10 July 2006

In the name of "intervention"

I am entering my 6th year of teaching with somewhat mixed emotions. For the past three years, I have taught 6th grade Language Arts and History and have enjoyed the experience very much. While at times the paperwork has been overwhelming, I have seen my students make tremendous strides from the beginning of the school year to the end. This upcoming year brings about a new challenge. Our school district is implementing a new reading intervention program for those students who are two to three years below grade level in reading. This program is called SRA REACH. It is a "direct instruction" program, which means for a big part of my teaching, I will be reading from a script.

You read it right - I'll be reading from a script and my students will be "trained" to respond in the way the program wants them to respond. According to those who are implementing this program, students who are in these types of interventions can make tremendous progress in a year, sometimes increasing their reading level by "up to two years." Those who may be thinking this is tracking - students test out at various times of the year and move up to the next intervention level. The hope is that for my 6th graders by the time they reach 8th grade, they will be on grade level. The theory is that when these kids reach high school, there will be no need for this type of intervention.

However, my 6th graders will be in my class for a three hour block of SRA Reach and a two hour block of intensive Math. This leaves them with one hour which will be in P.E. I worry that they will become even more disillusioned with school. Some kids actually like Science and History. If my incoming 6th graders are lucky, some of them will be able to experience those courses sometime in their 7th grade year, but probably more of them won't be able to experience it until 8th graders. Many of them will miss out on learning about the ancient Mesopotamians who invented the wheel and were responsible for creating the first real writing system.
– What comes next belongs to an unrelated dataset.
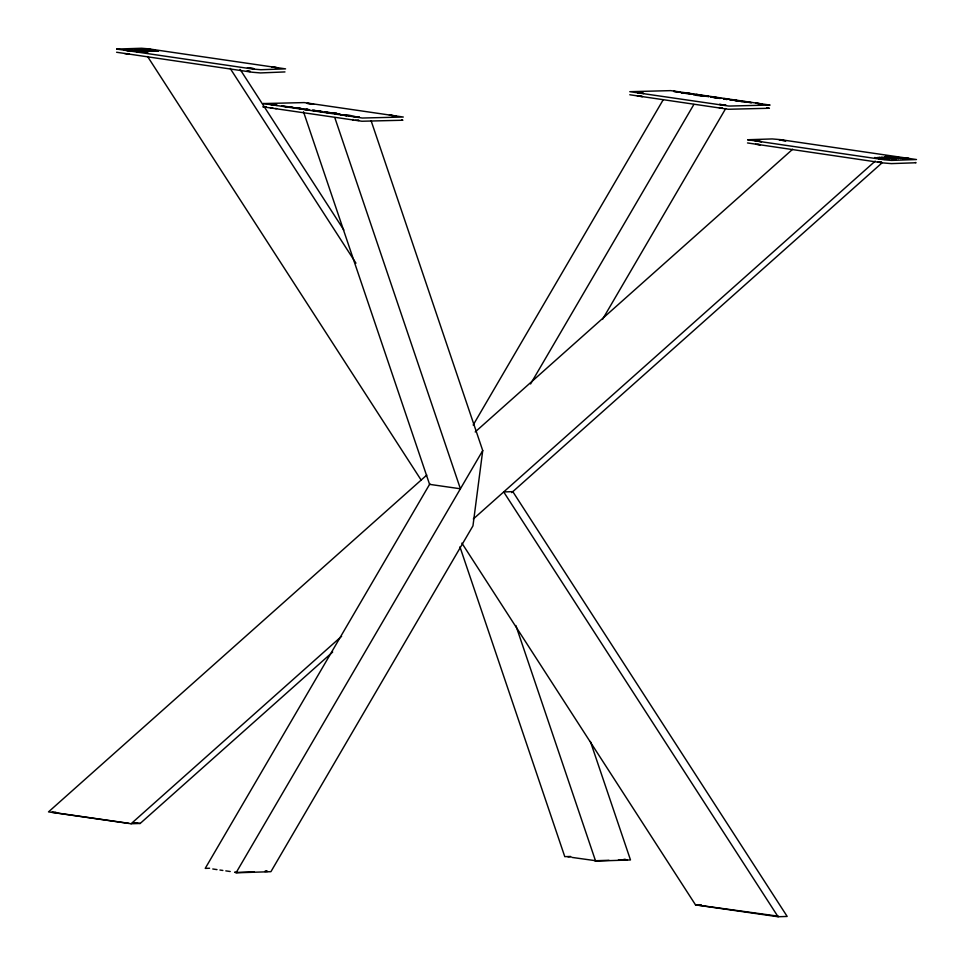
<?xml version="1.0" encoding="UTF-8"?>
<svg xmlns="http://www.w3.org/2000/svg" width="965" height="965" viewBox="0 0 965 965"><rect width="100%" height="100%" fill="white"/><g stroke="black" fill="none" stroke-linecap="round" stroke-linejoin="round"><path stroke-width="1.45" d="M266.762 870.925L265.242 871.142M482.729 450.571L472.959 525.865L270.912 871.685L236.039 872.818L482.729 450.571L371.115 120.758M625.211 859.224L623.692 859.453M429.895 483.827L205.219 868.391L209.574 868.247M473.164 425.046L663.051 100.022M530.569 383.974L693.871 104.449M602.498 319.415L725.704 108.526M426.783 475.057L48.515 811.891L131.071 823.76L140.178 823.459L332.684 652.038M475.19 431.946L792.663 149.249M131.071 823.76L341.598 636.297M473.308 519.001L875.219 161.119M511.691 492.645L882.07 162.832L891.371 163.616L916.075 162.759L915.459 162.482M138.031 50.084L151.734 51.302L145.474 50.542A51.229 2.413 7.4 0 1 142.953 50.168L142.856 50.156M142.953 50.168L136.668 49.324L140.601 49.939M116.596 52.255L252.372 72.242L260.454 72.93L284.965 71.929M629.795 94.763L728.334 109.262L769.395 108.261L766.849 107.598M747.513 142.941L882.058 162.771M266.183 106.633L262.842 106.813L361.911 121.24L402.863 120.239L401.681 119.829M55.813 812.144L51.869 812.265L128.924 823.338M134.183 823.169L136.813 823.085M570.592 856.474L564.778 856.655L459.931 546.829M567.999 856.92L570.954 856.824M235.146 872.493L254.386 871.865M264.736 871.528L267.703 871.431M594.717 860.756L608.951 860.285M618.384 859.984L627.262 859.694M461.885 543.126L695.524 904.88L700.723 904.712M701.507 905.17L698.877 905.254L778.562 916.243M778.079 916.75L787.175 916.448L512.813 491.643L503.706 491.933L778.079 916.75L695.524 904.88M336.628 114.16L334.771 113.894L336.568 114.16M699.215 95.475L696.127 95.294L704.667 95.788M595.719 860.72L571.992 857.415M237.269 872.42L234.616 872.143M353.383 119.612L352.539 119.6L353.588 119.853M726.609 99.033L726.669 99.045A51.229 2.413 7.4 0 0 725.801 99.057L725.161 99.13L727.14 99.479L723.448 98.937L728.117 98.961L726.766 99.057M306.387 109.612L306.46 109.612A51.229 2.413 7.4 0 0 307.268 109.6L307.907 109.528L305.953 109.154L309.656 109.769L304.108 109.347L306.303 109.6M642.449 96.657L637.334 95.969M760.167 144.822L755.619 144.243M275.23 108.55L276.653 108.562M744.739 101.602L751.506 102.676L740.674 101.434L744.606 101.578M150.793 50.084C144.448 49.649 159.309 51.495 154.991 51.061M882.275 158.562C888.62 159.02 873.892 157.186 878.066 157.597M128.55 54.076L124.702 53.57M272.697 107.947L270.333 107.791L272.637 108.237M893.349 157.09L892.07 156.969L894.567 157.235M330.199 113.014C338.836 113.894 320.959 111.277 327.967 112.712M129.961 49.939L130.975 50.035L129.575 49.878M126.294 49.939L132.567 50.65L131.578 50.337M135.305 50.964L126.668 49.915A17.117 0.808 7.4 0 0 126.282 49.927M897.764 157.693L901.491 158.32M138.502 51.422L140.999 51.688L136.149 51.145M893.988 157.247L896.919 157.512M137.102 51.181L128.852 50.313L138.695 51.76L135.112 51.205M895.966 157.476L904.217 158.344L894.374 156.885L897.957 157.44M703.244 95.68C693.919 94.654 711.953 97.393 705.101 95.945M147.368 49.878L146.246 49.758L153.845 50.892M288.33 107.055L281.563 105.969L292.479 107.199L288.487 107.079M329.825 112.965L336.954 113.375L324.131 112.037L329.994 113.074M143.266 50.566L139.732 50.252L149.044 51.302A59.637 2.811 7.4 0 0 146.451 50.928M317.557 111.216L320.983 111.482L313.637 110.251A59.637 2.811 7.4 0 0 312.829 110.275L312.117 110.348L322.672 111.687L313.818 110.553L317.461 111.277M639.216 95.981L642.232 96.416M722.327 107.911L719.058 107.646L722.218 108.201M250.225 71.314L246.956 71.036L250.128 71.603M881.142 161.987L877.885 161.722L881.95 162.397M355.699 120.167L358.968 120.444L357.919 120.191M151.674 50.108L158.477 51.085L155.486 50.638M881.395 158.549L874.592 157.572L877.583 158.019M130.649 50.204L124.413 49.71L129.057 50.421M902.42 158.453L908.692 158.923L904.012 158.224M716.38 97.477L710.397 96.958L719.432 98.394A59.637 2.811 7.4 0 0 720.24 98.382L720.952 98.309L712.158 97.139L719.251 98.104L716.404 97.561M703.702 95.74L708.961 96.572L699.299 95.487M328.402 112.857L329.234 112.977M126.922 53.582L129.033 53.895M757.839 144.268L759.95 144.581M154.171 50.53L147.44 49.891M892.915 157.259L890.876 157.006L900.9 158.441L896.594 157.79M878.898 158.115L886.871 158.875L879.224 157.765M145.184 50.578L140.576 49.975M887.884 158.079L892.553 158.694L890.116 158.489A51.229 2.413 7.4 0 0 887.583 158.115L881.335 157.343L895.038 158.574L884.024 157.355A59.637 2.811 7.4 0 0 886.618 157.729M134.28 822.614L140.178 823.459M216.992 869.61L212.783 868.982M219.936 870.032L222.867 870.454M225.81 870.876L230.213 871.516M144.135 50.687L146.777 51.205L138.067 50.108M686.417 93.026L691.145 93.81L688.021 93.255A17.117 0.808 7.4 0 0 686.513 93.038M346.652 115.619L342.02 114.823L345.048 115.402A17.117 0.808 7.4 0 0 346.556 115.607M240.08 69.359L343.83 229.996M230.165 68.382L355.964 263.18M147.597 56.525L421.15 480.075M590.387 741.47L630.483 859.948L595.61 861.094L515.877 625.513M334.795 117.621L460.414 488.785L429.582 484.358L303.493 111.759M303.48 108.936L292.974 107.561L303.48 108.936M729.6 99.684L740.131 101.06L729.697 99.672M263.312 103.557L362.321 118.032L403.286 117.03L304.216 102.592L263.312 103.557M769.817 105.052L728.852 106.066L629.807 91.687L670.735 90.626L769.817 105.052M143.749 49.854L154.147 51.229L143.749 49.854M889.38 158.767L878.91 157.416L889.38 158.767M896.401 159.334L892.492 158.706L896.401 159.334M340.38 114.606L351.73 115.74L340.38 114.606M692.761 94.003L681.387 92.954L692.761 94.003M698.322 94.751L696.368 94.51L698.322 94.751M893.361 158.393L886.292 157.452L893.361 158.369M145.462 50.059L152.422 51.024L145.462 50.059M887.679 158.549L880.647 157.633L887.679 158.549M309.222 110.046L308.04 109.938L309.222 110.046M723.871 98.599L725.005 98.804L723.979 98.587M728.961 99.311L727.272 99.009L728.961 99.311M902.094 158.622L903.952 158.875L902.094 158.622M116.717 49.07L252.782 69.034L260.864 69.721L285.568 68.865L148.477 48.841L141.602 48.25L116.717 49.07M747.646 139.744L884.591 159.816L891.467 160.407L916.485 159.539L780.287 139.623L772.205 138.936L747.646 139.744M136.246 50.373L143.266 51.29L136.246 50.373M896.895 158.26L889.79 157.367L896.895 158.26M134.581 50.132L147.681 52.207L134.581 50.132M898.584 158.489L885.388 156.451L898.584 158.489M132.205 50.204L142.265 51.64L132.205 50.204M124.208 50.084L130.504 50.94L124.208 50.084M148.477 49.287L154.774 50.144L148.477 49.287M247.51 67.803L253.807 68.66L247.51 67.803M271.78 67.007L278.077 67.876L271.78 67.007M270.888 104.546L277.184 105.414L270.888 104.546M307.292 103.364L313.589 104.22L307.292 103.364M353.094 116.367L359.39 117.223L353.094 116.367M389.498 115.173L395.795 116.041L389.498 115.173M637.407 92.592L643.703 93.448L637.407 92.592M673.811 91.398L680.108 92.266L673.811 91.398M719.613 104.401L725.909 105.269L719.613 104.401M756.017 103.219L762.314 104.075L756.017 103.219M755.125 140.757L761.421 141.626L755.125 140.757M779.394 139.961L785.691 140.83L779.394 139.961M878.427 158.477L884.724 159.346L878.427 158.477M902.697 157.693L908.994 158.549L902.697 157.693M294.928 107.766L301.755 108.755L294.928 107.766M738.442 100.855L731.313 99.902L738.442 100.855M339.764 114.015L335.699 113.882L339.764 114.015M693.57 94.618L697.369 94.763L693.57 94.618M906.4 158.743L900.502 158.007L906.774 158.718A17.117 0.808 7.4 0 1 906.4 158.743"/></g></svg>

They will miss out on the wonders of Ancient Egypt and Ancient China, those two societies who worshipped their pharoahs and emperors like gods. Many will miss out on how our Founders came to look to the Greeks and Romans for a system of government which would come to be called "democracy."

While I understand the need for intervention, I wonder at what cost to my students and to myself. Is it fair to deprive them of half of their education in the name of catching them up to their peers? Will I be able to look them in the eye years down the road knowing that I was duplicitous in this educational deprivation? I guess time will tell or when the next tide turns in education reform, perhaps we will not let history repeat itself.

4 Comments:

At 11:21 AM, Anonymous Anonymous said...

The scripted programs, one of which I 'teach' in middle school, seem to instill in youth a sense that learning and education are regimented and painful endeavors. In fact, unless a teacher can subvert the script with their own brilliance, many students seem to learn only to hate reading and learning.

And this is supposed to solve our criminally low HS graduation rates in LA?

Then again, with the pay we get, the unsafe dirty conditions we have to work in, and the mean pettiness of roving unbalanced administrative staff, many teachers just give up and do that which is only absolutely neccessary to get through another year.

Should I stay or should I go? (...to a charter school where I can actually teach...)

 
At 7:09 PM, Anonymous Anonymous said...

KDerosa swears by this type of thing. He says that the success they experience is the only thing that can motivate them and get them on track. I don't know if a numb brain counts as a prepared brain, but it might.

 
At 1:22 PM, Blogger Eve said...

KDerosa is a patent attorney, not a teacher or education researcher. I've been highly sceptical of what he says.

 
At 11:34 AM, Blogger Unknown said...

I don't know... I think that you would find that you would like teaching at a charter school or private school more, but this is more a question of loyalty, right? Anyway, you can make a good decision.